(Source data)

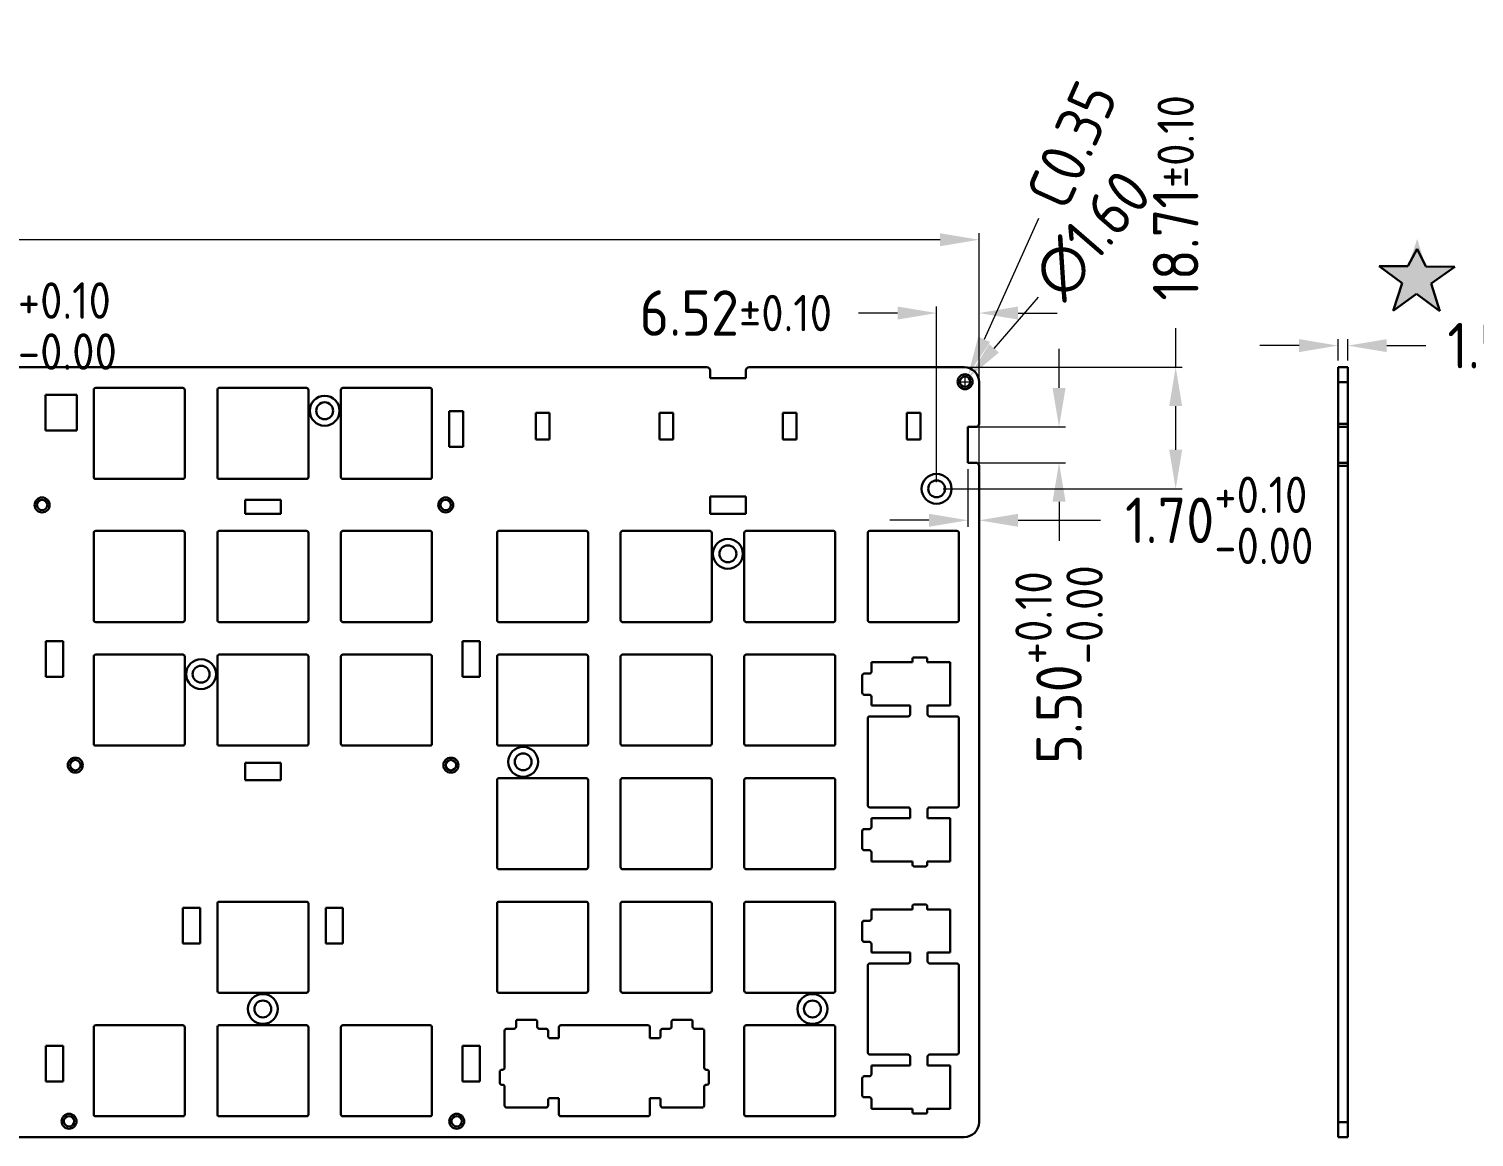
# Model space of a CAD drawing. Header units: millimetres. Extents: x 491 to 1718, y -1006 to -146.
# Drawn here: x 898.2 to 1120.4, y -650.1 to -479.7 of the extents above; entities that cross this region are included whole.
import ezdxf

# ---------------------------------------------------------------- set-up
doc = ezdxf.new("R2010")
doc.units = ezdxf.units.MM
doc.layers.get('0').update_dxf_attribs({"lineweight": 30})
doc.layers.get('Defpoints').update_dxf_attribs({"lineweight": 20})
doc.layers.add('图框层', color=7, linetype='Continuous', lineweight=30)
doc.layers.add('标注层', color=7, linetype='Continuous', lineweight=20)
doc.styles.add('ISO Proportional', font='isocp.shx')
doc.dimstyles.new('铝板', dxfattribs={"dimtxt": 7, "dimasz": 6, "dimexe": 1, "dimexo": 1, "dimgap": 1.5, "dimtad": 0, "dimzin": 0, "dimdsep": 46, "dimtxsty": 'ISO Proportional', "dimcen": 1, "dimclrd": 4, "dimclre": 4, "dimclrt": 6, "dimadec": 0, "dimazin": 0, "dimtm": 1e-09, "dimtfac": 0.8, "dimtofl": 0, "dimtmove": 0, "dimatfit": 3, "dimfxl": 0, "dimtolj": 1, "dimtzin": 0, "dimlwd": 20, "dimlwe": 20, "dimarcsym": 0})

# ---------------------------------------------------------------- blocks, each defined once
blk = doc.blocks.new('*D712')
at = {"layer": 'Defpoints', "color": 0, "transparency": 16777216}
for p in [(1044.3, -512.16), (615.1, -534.04), (1044.3, -534.04)]:
    blk.add_point(p, dxfattribs=at)
at = {"layer": '标注层', "color": 4, "lineweight": 20, "transparency": 16777216}
for p, q in [((615.1, -533.04), (615.1, -511.16)), ((621.1, -512.16), (804.82, -512.16)), ((1038.3, -512.16), (854.57, -512.16)), ((1044.3, -533.04), (1044.3, -511.16))]:
    blk.add_line(p, q, dxfattribs=at)
at = {"layer": '标注层', "color": 4, "transparency": 16777216}
for points in [[(621.1, -511.16), (621.1, -513.16), (615.1, -512.16)], [(1038.3, -511.16), (1038.3, -513.16), (1044.3, -512.16)]]:
    blk.add_solid(points, dxfattribs=at)
at = {"layer": '标注层', "color": 6, "transparency": 16777216, "insert": (829.7, -512.16), "char_height": 7, "attachment_point": 5, "style": 'ISO Proportional'}
blk.add_mtext('\\A1;429.20{\\H5.6;\\S+0.10^ -0.00;}', dxfattribs=at)
blk = doc.blocks.new('*D716')
at = {"layer": 'Defpoints', "color": 0, "transparency": 16777216}
for p in [(865.45, -525.43), (859.95, -553.14), (865.45, -553.14)]:
    blk.add_point(p, dxfattribs=at)
at = {"layer": '标注层', "color": 4, "lineweight": 20, "transparency": 16777216}
for p, q in [((853.95, -525.43), (847.95, -525.43)), ((859.95, -552.14), (859.95, -524.43)), ((865.45, -552.14), (865.45, -524.43)), ((871.45, -525.43), (877.45, -525.43))]:
    blk.add_line(p, q, dxfattribs=at)
at = {"layer": '标注层', "color": 4, "transparency": 16777216}
for points in [[(853.95, -524.43), (853.95, -526.43), (859.95, -525.43)], [(871.45, -524.43), (871.45, -526.43), (865.45, -525.43)]]:
    blk.add_solid(points, dxfattribs=at)
at = {"layer": '标注层', "color": 6, "transparency": 16777216, "insert": (896.48, -525.43), "char_height": 7, "attachment_point": 5, "style": 'ISO Proportional'}
blk.add_mtext('\\A1;5.50{\\H5.6;\\S+0.10^ -0.00;}', dxfattribs=at)
blk = doc.blocks.new('*D734')
at = {"layer": 'Defpoints', "color": 0, "transparency": 16777216}
for p in [(1100.99, -528.44), (1099.49, -531.74), (1100.99, -531.74)]:
    blk.add_point(p, dxfattribs=at)
at = {"layer": '标注层', "color": 4, "lineweight": 20, "transparency": 16777216}
for p, q in [((1093.49, -528.44), (1087.49, -528.44)), ((1099.49, -530.74), (1099.49, -527.44)), ((1100.99, -530.74), (1100.99, -527.44)), ((1106.99, -528.44), (1112.99, -528.44))]:
    blk.add_line(p, q, dxfattribs=at)
at = {"layer": '标注层', "color": 4, "transparency": 16777216}
for points in [[(1093.49, -527.44), (1093.49, -529.44), (1099.49, -528.44)], [(1106.99, -527.44), (1106.99, -529.44), (1100.99, -528.44)]]:
    blk.add_solid(points, dxfattribs=at)
at = {"layer": '标注层', "color": 6, "transparency": 16777216, "insert": (1130.76, -528.44), "char_height": 7, "attachment_point": 5, "style": 'ISO Proportional'}
blk.add_mtext('\\A1;1.50{\\H5.6;\\S 0.00^ -0.10;}', dxfattribs=at)
blk = doc.blocks.new('*D720')
at = {"layer": 'Defpoints', "color": 0, "transparency": 16777216}
for p in [(1041.62, -534.6), (1042.67, -533.39)]:
    blk.add_point(p, dxfattribs=at)
at = {"layer": '标注层', "color": 4, "lineweight": 20, "transparency": 16777216}
for p, q in [((1053.41, -520.97), (1046.59, -528.86)), ((1042.15, -535), (1042.15, -533)), ((1041.15, -534), (1043.15, -534))]:
    blk.add_line(p, q, dxfattribs=at)
at = {"layer": '标注层', "color": 4, "transparency": 16777216}
blk.add_solid([(1045.84, -528.2), (1047.35, -529.51), (1042.67, -533.39)], dxfattribs=at)
at = {"layer": '标注层', "color": 6, "transparency": 16777216, "insert": (1061.71, -511.38), "char_height": 7, "attachment_point": 5, "rotation": 49.1483, "style": 'ISO Proportional'}
blk.add_mtext('\\A1;∅1.60', dxfattribs=at)
blk = doc.blocks.new('*D721')
at = {"layer": 'Defpoints', "color": 0, "transparency": 16777216}
for p in [(1042.62, -532.95), (1041.67, -535.05)]:
    blk.add_point(p, dxfattribs=at)
at = {"layer": '标注层', "color": 4, "lineweight": 20, "transparency": 16777216}
for p, q in [((1053.45, -508.89), (1045.08, -527.48)), ((1042.15, -535), (1042.15, -533)), ((1041.15, -534), (1043.15, -534))]:
    blk.add_line(p, q, dxfattribs=at)
at = {"layer": '标注层', "color": 4, "transparency": 16777216}
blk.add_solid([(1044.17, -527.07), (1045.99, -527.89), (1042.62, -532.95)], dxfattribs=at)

**PROBLEM DESCRIPTION:** Identify every line above with the string "units" in it. Copy those lines.

**ANSWER BOX:**
# Model space of a CAD drawing. Header units: millimetres. Extents: x 491 to 1718, y -1006 to -146.
doc.units = ezdxf.units.MM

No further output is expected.